DATA SUPPLIED: Begin
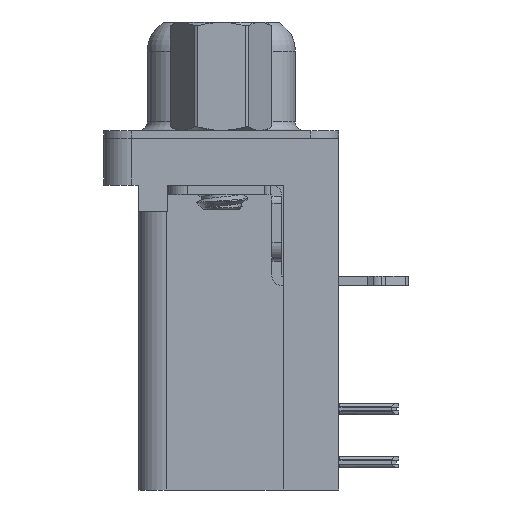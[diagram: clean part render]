
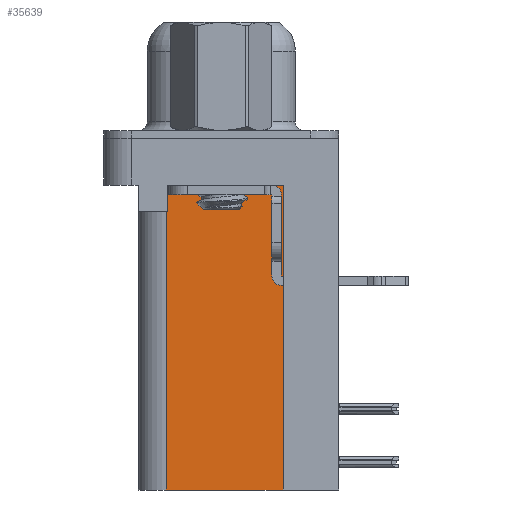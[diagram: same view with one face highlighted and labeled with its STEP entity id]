
A CAD part, left-side view. The second image highlights one B-rep face of the part: STEP entity #35639.
In plain terms, the highlighted planar face has unit normal (-1, 0, 0).
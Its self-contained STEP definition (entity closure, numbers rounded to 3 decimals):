
#195 = CARTESIAN_POINT ( 'NONE',  ( 3.79, -3.295, -18.76 ) ) ;
#1202 = EDGE_CURVE ( 'NONE', #10446, #31465, #17736, .T. ) ;
#3485 = EDGE_CURVE ( 'NONE', #13842, #15176, #18760, .T. ) ;
#3516 = LINE ( 'NONE', #36445, #11365 ) ;
#3811 = VECTOR ( 'NONE', #34444, 1000. ) ;
#4247 = CARTESIAN_POINT ( 'NONE',  ( 3.79, -3.295, -18.76 ) ) ;
#5243 = PLANE ( 'NONE',  #23936 ) ;
#5491 = EDGE_CURVE ( 'NONE', #13842, #28039, #30389, .T. ) ;
#5601 = EDGE_CURVE ( 'NONE', #28039, #10446, #11654, .T. ) ;
#8204 = DIRECTION ( 'NONE',  ( 1., 0., 0. ) ) ;
#8290 = DIRECTION ( 'NONE',  ( 0., 1., 0. ) ) ;
#10446 = VERTEX_POINT ( 'NONE', #31625 ) ;
#11365 = VECTOR ( 'NONE', #21497, 1000. ) ;
#11636 = FACE_OUTER_BOUND ( 'NONE', #29906, .T. ) ;
#11654 = LINE ( 'NONE', #22451, #3811 ) ;
#11737 = CARTESIAN_POINT ( 'NONE',  ( 3.79, -3.295, -18.76 ) ) ;
#13410 = CARTESIAN_POINT ( 'NONE',  ( 3.79, 2.925, -3.9 ) ) ;
#13585 = ORIENTED_EDGE ( 'NONE', *, *, #3485, .F. ) ;
#13842 = VERTEX_POINT ( 'NONE', #11737 ) ;
#14860 = ORIENTED_EDGE ( 'NONE', *, *, #1202, .T. ) ;
#15176 = VERTEX_POINT ( 'NONE', #30150 ) ;
#16192 = DIRECTION ( 'NONE',  ( 0., 0., -1. ) ) ;
#16463 = ORIENTED_EDGE ( 'NONE', *, *, #26121, .F. ) ;
#16808 = VECTOR ( 'NONE', #16192, 1000. ) ;
#17736 = LINE ( 'NONE', #35135, #16808 ) ;
#17769 = VECTOR ( 'NONE', #36004, 1000. ) ;
#18074 = CARTESIAN_POINT ( 'NONE',  ( 3.79, 2.925, -18.76 ) ) ;
#18137 = ORIENTED_EDGE ( 'NONE', *, *, #33441, .T. ) ;
#18760 = LINE ( 'NONE', #195, #25776 ) ;
#19659 = CARTESIAN_POINT ( 'NONE',  ( 3.79, 2.895, -3.9 ) ) ;
#21497 = DIRECTION ( 'NONE',  ( 0., 1., 0. ) ) ;
#21953 = DIRECTION ( 'NONE',  ( 0., 0., 1. ) ) ;
#22451 = CARTESIAN_POINT ( 'NONE',  ( 3.79, -3.295, -2.5 ) ) ;
#23248 = ORIENTED_EDGE ( 'NONE', *, *, #5491, .T. ) ;
#23936 = AXIS2_PLACEMENT_3D ( 'NONE', #25985, #8204, #29028 ) ;
#25776 = VECTOR ( 'NONE', #8290, 1000. ) ;
#25985 = CARTESIAN_POINT ( 'NONE',  ( 3.79, -3.295, -18.76 ) ) ;
#26121 = EDGE_CURVE ( 'NONE', #15176, #30063, #34650, .T. ) ;
#28039 = VERTEX_POINT ( 'NONE', #31457 ) ;
#29028 = DIRECTION ( 'NONE',  ( 0., 1., 0. ) ) ;
#29435 = VECTOR ( 'NONE', #21953, 1000. ) ;
#29906 = EDGE_LOOP ( 'NONE', ( #34958, #14860, #18137, #16463, #13585, #23248 ) ) ;
#30063 = VERTEX_POINT ( 'NONE', #13410 ) ;
#30150 = CARTESIAN_POINT ( 'NONE',  ( 3.79, 2.925, -18.76 ) ) ;
#30389 = LINE ( 'NONE', #4247, #29435 ) ;
#31457 = CARTESIAN_POINT ( 'NONE',  ( 3.79, -3.295, -2.5 ) ) ;
#31465 = VERTEX_POINT ( 'NONE', #19659 ) ;
#31625 = CARTESIAN_POINT ( 'NONE',  ( 3.79, 2.895, -2.5 ) ) ;
#33441 = EDGE_CURVE ( 'NONE', #31465, #30063, #3516, .T. ) ;
#34444 = DIRECTION ( 'NONE',  ( 0., 1., 0. ) ) ;
#34650 = LINE ( 'NONE', #18074, #17769 ) ;
#34958 = ORIENTED_EDGE ( 'NONE', *, *, #5601, .T. ) ;
#35135 = CARTESIAN_POINT ( 'NONE',  ( 3.79, 2.895, -3.9 ) ) ;
#35639 = ADVANCED_FACE ( 'NONE', ( #11636 ), #5243, .F. ) ;
#36004 = DIRECTION ( 'NONE',  ( 0., 0., 1. ) ) ;
#36445 = CARTESIAN_POINT ( 'NONE',  ( 3.79, 0., -3.9 ) ) ;
DATA SUPPLIED: End
ASSIGNMENT. The required answer is the exact run of lines above starting at the line with "#23936 = AXIS2_PLACEMENT_3D" and ending at the line with "#30063 = VERTEX_POINT ( 'NONE', #13410 ) ;", with both ends present.

REPLY.
#23936 = AXIS2_PLACEMENT_3D ( 'NONE', #25985, #8204, #29028 ) ;
#25776 = VECTOR ( 'NONE', #8290, 1000. ) ;
#25985 = CARTESIAN_POINT ( 'NONE',  ( 3.79, -3.295, -18.76 ) ) ;
#26121 = EDGE_CURVE ( 'NONE', #15176, #30063, #34650, .T. ) ;
#28039 = VERTEX_POINT ( 'NONE', #31457 ) ;
#29028 = DIRECTION ( 'NONE',  ( 0., 1., 0. ) ) ;
#29435 = VECTOR ( 'NONE', #21953, 1000. ) ;
#29906 = EDGE_LOOP ( 'NONE', ( #34958, #14860, #18137, #16463, #13585, #23248 ) ) ;
#30063 = VERTEX_POINT ( 'NONE', #13410 ) ;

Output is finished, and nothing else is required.